Second, the lack of context around each alert creates the need to manually enrich the alert with adequate context to reach a conclusion as to its nature. Unfortunately, this often necessitates first and foremost tracking down the data required to add the proper context. In many cases, this can be a time consuming process, and can sometimes result in the realisation that the required data was never properly recorded and retained. This obviously impedes response, resulting in the difficult situation we find ourselves in today.
Fortunately, there are steps organisations can take to improve their signal-to-noise ratio and reduce their detection and response times. Although the length of this piece does not permit an in-depth exploration of these steps, I will mention two important points here. F
irst, organisations can take a more strategic approach to developing content and logic to drive alerting. Risks to the organisation should be enumerated on a continual basis and further broken down into attainable goals and priorities. Precise, targeted, incisive logic that identifies activity or behavior matching those should be used to produce high fidelity, contextually aware alerts for the work queue.

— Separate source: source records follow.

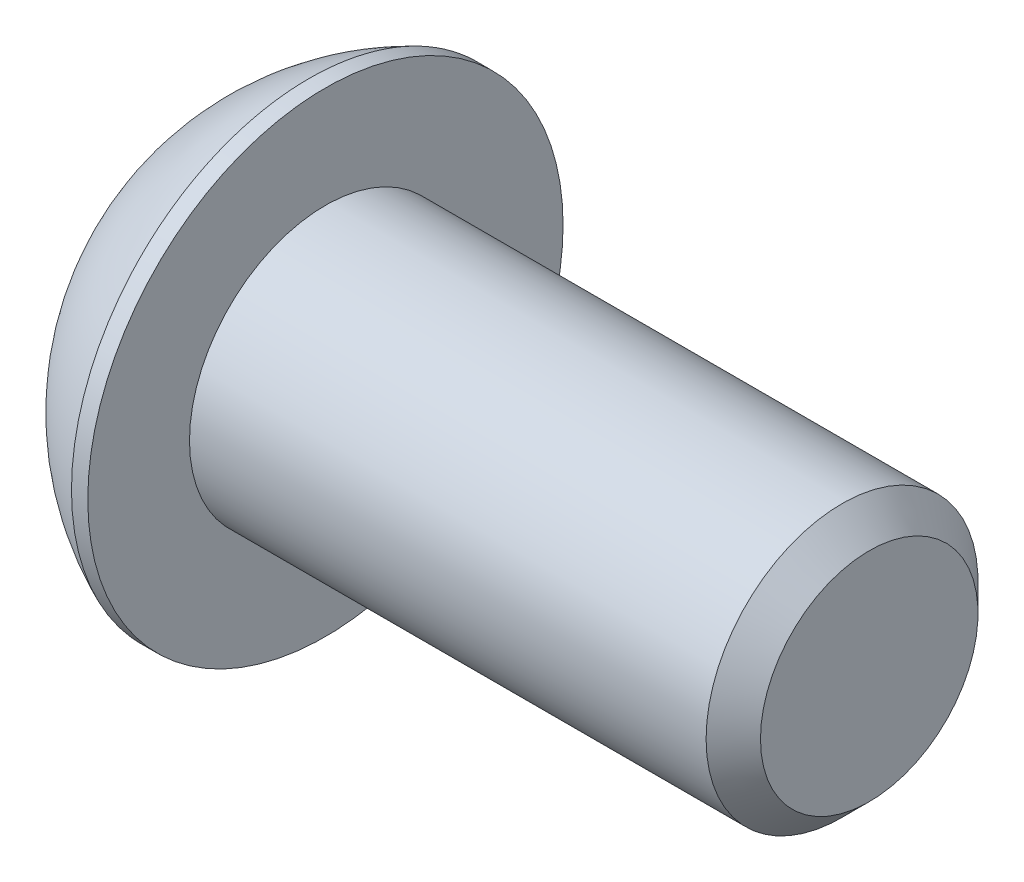
ISO-10303-21;
HEADER;
FILE_DESCRIPTION(('STEP AP214'),'2;1');
FILE_NAME('part.step','',(''),(''),'','','');
FILE_SCHEMA(('AUTOMOTIVE_DESIGN { 1 0 10303 214 1 1 1 1 }'));
ENDSEC;
DATA;
#1=APPLICATION_CONTEXT('core data for automotive mechanical design processes');
#2=APPLICATION_PROTOCOL_DEFINITION('international standard','automotive_design',2000,#1);
#3=PRODUCT_CONTEXT('',#1,'mechanical');
#4=PRODUCT('Part','Part','',(#3));
#5=PRODUCT_RELATED_PRODUCT_CATEGORY('part','',(#4));
#6=PRODUCT_DEFINITION_FORMATION('','',#4);
#7=PRODUCT_DEFINITION_CONTEXT('part definition',#1,'design');
#8=PRODUCT_DEFINITION('design','',#6,#7);
#9=PRODUCT_DEFINITION_SHAPE('','',#8);
#10=(LENGTH_UNIT() NAMED_UNIT(*) SI_UNIT(.MILLI.,.METRE.));
#11=(NAMED_UNIT(*) PLANE_ANGLE_UNIT() SI_UNIT($,.RADIAN.));
#12=(NAMED_UNIT(*) SI_UNIT($,.STERADIAN.) SOLID_ANGLE_UNIT());
#13=UNCERTAINTY_MEASURE_WITH_UNIT(LENGTH_MEASURE(1.E-05),#10,'distance_accuracy_value','');
#14=(GEOMETRIC_REPRESENTATION_CONTEXT(3) GLOBAL_UNCERTAINTY_ASSIGNED_CONTEXT((#13)) GLOBAL_UNIT_ASSIGNED_CONTEXT((#10,
#11,#12)) REPRESENTATION_CONTEXT('',''));
#15=CARTESIAN_POINT('',(0.,0.,0.));
#16=DIRECTION('',(0.,0.,1.));
#17=DIRECTION('',(1.,0.,0.));
#18=AXIS2_PLACEMENT_3D('',#15,#16,#17);
#19=CARTESIAN_POINT('',(1.32080000000034,0.,0.));
#20=DIRECTION('',(-1.,0.,0.));
#21=DIRECTION('',(0.,0.,1.));
#22=AXIS2_PLACEMENT_3D('',#19,#20,#21);
#23=CONICAL_SURFACE('',#22,1.1937999999998,1.04719755119608);
#24=CARTESIAN_POINT('',(2.01004075135902,0.,-4.44089209850063E-13));
#25=VERTEX_POINT('',#24);
#26=VERTEX_LOOP('',#25);
#27=FACE_BOUND('',#26,.T.);
#28=CARTESIAN_POINT('',(1.32080000000009,0.,0.));
#29=DIRECTION('',(-1.,0.,0.));
#30=DIRECTION('',(0.,0.,1.));
#31=AXIS2_PLACEMENT_3D('',#28,#29,#30);
#32=CIRCLE('',#31,1.19380000000024);
#33=CARTESIAN_POINT('',(1.32080000000009,0.,1.19380000000024));
#34=VERTEX_POINT('',#33);
#35=EDGE_CURVE('E19',#34,#34,#32,.T.);
#36=ORIENTED_EDGE('',*,*,#35,.T.);
#37=EDGE_LOOP('',(#36));
#38=FACE_BOUND('',#37,.T.);
#39=ADVANCED_FACE('F16',(#27,#38),#23,.F.);
#40=CARTESIAN_POINT('',(1.3208,-2.29135888084633,0.));
#41=DIRECTION('',(1.,0.,0.));
#42=DIRECTION('',(0.,0.,-1.));
#43=AXIS2_PLACEMENT_3D('',#40,#41,#42);
#44=PLANE('',#43);
#45=DIRECTION('',(0.,1.,0.));
#46=VECTOR('',#45,1.);
#47=CARTESIAN_POINT('',(1.3208,-1.14567944042316,1.984375));
#48=LINE('',#47,#46);
#49=CARTESIAN_POINT('',(1.3208,1.14567944042316,1.984375));
#50=VERTEX_POINT('',#49);
#51=CARTESIAN_POINT('',(1.3208,-1.14567944042316,1.984375));
#52=VERTEX_POINT('',#51);
#53=EDGE_CURVE('E68',#50,#52,#48,.F.);
#54=ORIENTED_EDGE('',*,*,#53,.F.);
#55=DIRECTION('',(0.,0.5,-0.866025403784439));
#56=VECTOR('',#55,1.);
#57=CARTESIAN_POINT('',(1.3208,1.14567944042316,1.984375));
#58=LINE('',#57,#56);
#59=CARTESIAN_POINT('',(1.3208,2.29135888084633,0.));
#60=VERTEX_POINT('',#59);
#61=EDGE_CURVE('E291',#60,#50,#58,.F.);
#62=ORIENTED_EDGE('',*,*,#61,.F.);
#63=DIRECTION('',(0.,-0.5,-0.866025403784439));
#64=VECTOR('',#63,1.);
#65=CARTESIAN_POINT('',(1.3208,2.29135888084633,0.));
#66=LINE('',#65,#64);
#67=CARTESIAN_POINT('',(1.3208,1.14567944042316,-1.984375));
#68=VERTEX_POINT('',#67);
#69=EDGE_CURVE('E295',#68,#60,#66,.F.);
#70=ORIENTED_EDGE('',*,*,#69,.F.);
#71=DIRECTION('',(0.,1.,0.));
#72=VECTOR('',#71,1.);
#73=CARTESIAN_POINT('',(1.3208,1.14567944042316,-1.984375));
#74=LINE('',#73,#72);
#75=CARTESIAN_POINT('',(1.3208,-1.14567944042316,-1.984375));
#76=VERTEX_POINT('',#75);
#77=EDGE_CURVE('E300',#76,#68,#74,.T.);
#78=ORIENTED_EDGE('',*,*,#77,.F.);
#79=DIRECTION('',(0.,-0.500000000000001,0.866025403784438));
#80=VECTOR('',#79,1.);
#81=CARTESIAN_POINT('',(1.3208,-1.14567944042316,-1.984375));
#82=LINE('',#81,#80);
#83=CARTESIAN_POINT('',(1.3208,-2.29135888084633,0.));
#84=VERTEX_POINT('',#83);
#85=EDGE_CURVE('E305',#84,#76,#82,.F.);
#86=ORIENTED_EDGE('',*,*,#85,.F.);
#87=DIRECTION('',(0.,0.500000000000001,0.866025403784438));
#88=VECTOR('',#87,1.);
#89=CARTESIAN_POINT('',(1.3208,-2.29135888084633,0.));
#90=LINE('',#89,#88);
#91=EDGE_CURVE('E81',#52,#84,#90,.F.);
#92=ORIENTED_EDGE('',*,*,#91,.F.);
#93=EDGE_LOOP('',(#54,#62,#70,#78,#86,#92));
#94=FACE_BOUND('',#93,.T.);
#95=ORIENTED_EDGE('',*,*,#35,.F.);
#96=EDGE_LOOP('',(#95));
#97=FACE_BOUND('',#96,.T.);
#98=ADVANCED_FACE('F74',(#94,#97),#44,.F.);
#99=CARTESIAN_POINT('',(1.3208,-1.14567944042316,1.984375));
#100=DIRECTION('',(0.,0.,-1.));
#101=DIRECTION('',(0.,1.,0.));
#102=AXIS2_PLACEMENT_3D('',#99,#100,#101);
#103=PLANE('',#102);
#104=ORIENTED_EDGE('',*,*,#53,.T.);
#105=DIRECTION('',(1.,0.,0.));
#106=VECTOR('',#105,1.);
#107=CARTESIAN_POINT('',(1.3208,-1.14567944042316,1.984375));
#108=LINE('',#107,#106);
#109=CARTESIAN_POINT('',(0.,-1.14567944042316,1.984375));
#110=VERTEX_POINT('',#109);
#111=EDGE_CURVE('E78',#110,#52,#108,.T.);
#112=ORIENTED_EDGE('',*,*,#111,.F.);
#113=DIRECTION('',(0.,1.,0.));
#114=VECTOR('',#113,1.);
#115=CARTESIAN_POINT('',(0.,0.,1.984375));
#116=LINE('',#115,#114);
#117=CARTESIAN_POINT('',(0.,1.14567944042316,1.984375));
#118=VERTEX_POINT('',#117);
#119=EDGE_CURVE('E285',#118,#110,#116,.F.);
#120=ORIENTED_EDGE('',*,*,#119,.F.);
#121=DIRECTION('',(1.,0.,0.));
#122=VECTOR('',#121,1.);
#123=CARTESIAN_POINT('',(1.3208,1.14567944042316,1.984375));
#124=LINE('',#123,#122);
#125=EDGE_CURVE('E288',#50,#118,#124,.F.);
#126=ORIENTED_EDGE('',*,*,#125,.F.);
#127=EDGE_LOOP('',(#104,#112,#120,#126));
#128=FACE_BOUND('',#127,.T.);
#129=ADVANCED_FACE('F127',(#128),#103,.T.);
#130=CARTESIAN_POINT('',(1.3208,-2.29135888084633,0.));
#131=DIRECTION('',(0.,0.866025403784438,-0.500000000000001));
#132=DIRECTION('',(0.,0.500000000000001,0.866025403784438));
#133=AXIS2_PLACEMENT_3D('',#130,#131,#132);
#134=PLANE('',#133);
#135=ORIENTED_EDGE('',*,*,#91,.T.);
#136=DIRECTION('',(1.,0.,0.));
#137=VECTOR('',#136,1.);
#138=CARTESIAN_POINT('',(1.3208,-2.29135888084633,0.));
#139=LINE('',#138,#137);
#140=CARTESIAN_POINT('',(0.,-2.29135888084633,0.));
#141=VERTEX_POINT('',#140);
#142=EDGE_CURVE('E307',#141,#84,#139,.T.);
#143=ORIENTED_EDGE('',*,*,#142,.F.);
#144=DIRECTION('',(0.,-0.500000000000001,-0.866025403784438));
#145=VECTOR('',#144,1.);
#146=CARTESIAN_POINT('',(0.,-1.14567944042316,1.984375));
#147=LINE('',#146,#145);
#148=EDGE_CURVE('E282',#110,#141,#147,.T.);
#149=ORIENTED_EDGE('',*,*,#148,.F.);
#150=ORIENTED_EDGE('',*,*,#111,.T.);
#151=EDGE_LOOP('',(#135,#143,#149,#150));
#152=FACE_BOUND('',#151,.T.);
#153=ADVANCED_FACE('F123',(#152),#134,.T.);
#154=CARTESIAN_POINT('',(1.3208,-1.14567944042316,-1.984375));
#155=DIRECTION('',(0.,0.866025403784438,0.500000000000001));
#156=DIRECTION('',(0.,-0.500000000000001,0.866025403784438));
#157=AXIS2_PLACEMENT_3D('',#154,#155,#156);
#158=PLANE('',#157);
#159=ORIENTED_EDGE('',*,*,#85,.T.);
#160=DIRECTION('',(1.,0.,0.));
#161=VECTOR('',#160,1.);
#162=CARTESIAN_POINT('',(1.3208,-1.14567944042316,-1.984375));
#163=LINE('',#162,#161);
#164=CARTESIAN_POINT('',(0.,-1.14567944042316,-1.984375));
#165=VERTEX_POINT('',#164);
#166=EDGE_CURVE('E302',#165,#76,#163,.T.);
#167=ORIENTED_EDGE('',*,*,#166,.F.);
#168=DIRECTION('',(0.,0.500000000000001,-0.866025403784438));
#169=VECTOR('',#168,1.);
#170=CARTESIAN_POINT('',(0.,-2.29135888084633,0.));
#171=LINE('',#170,#169);
#172=EDGE_CURVE('E279',#141,#165,#171,.T.);
#173=ORIENTED_EDGE('',*,*,#172,.F.);
#174=ORIENTED_EDGE('',*,*,#142,.T.);
#175=EDGE_LOOP('',(#159,#167,#173,#174));
#176=FACE_BOUND('',#175,.T.);
#177=ADVANCED_FACE('F119',(#176),#158,.T.);
#178=CARTESIAN_POINT('',(1.3208,1.14567944042316,-1.984375));
#179=DIRECTION('',(0.,0.,1.));
#180=DIRECTION('',(1.,0.,0.));
#181=AXIS2_PLACEMENT_3D('',#178,#179,#180);
#182=PLANE('',#181);
#183=ORIENTED_EDGE('',*,*,#77,.T.);
#184=DIRECTION('',(1.,0.,0.));
#185=VECTOR('',#184,1.);
#186=CARTESIAN_POINT('',(1.3208,1.14567944042316,-1.984375));
#187=LINE('',#186,#185);
#188=CARTESIAN_POINT('',(0.,1.14567944042316,-1.984375));
#189=VERTEX_POINT('',#188);
#190=EDGE_CURVE('E297',#189,#68,#187,.T.);
#191=ORIENTED_EDGE('',*,*,#190,.F.);
#192=DIRECTION('',(0.,1.,0.));
#193=VECTOR('',#192,1.);
#194=CARTESIAN_POINT('',(0.,0.,-1.984375));
#195=LINE('',#194,#193);
#196=EDGE_CURVE('E276',#165,#189,#195,.T.);
#197=ORIENTED_EDGE('',*,*,#196,.F.);
#198=ORIENTED_EDGE('',*,*,#166,.T.);
#199=EDGE_LOOP('',(#183,#191,#197,#198));
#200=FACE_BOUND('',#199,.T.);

Second, gap analysis should be performed continually to identify gaps in visibility. It’s important to consider that this involves not only collection, but also analysis. The most efficient, least voluminous set of data that ensures the required visibility should be collected. Less is more – both in ensuring adequate retention windows, as well as in query performance.
The state of security operations today is not great. A deluge of noise and a lack of context overwhelm most organisations so much so that they wind up with unacceptably long times to detection and response.
On the bright side, approaching security operations more strategically can help raise the signal-to-noise ratio and dramatically improve the efficiency and efficacy of an organisation’s security program.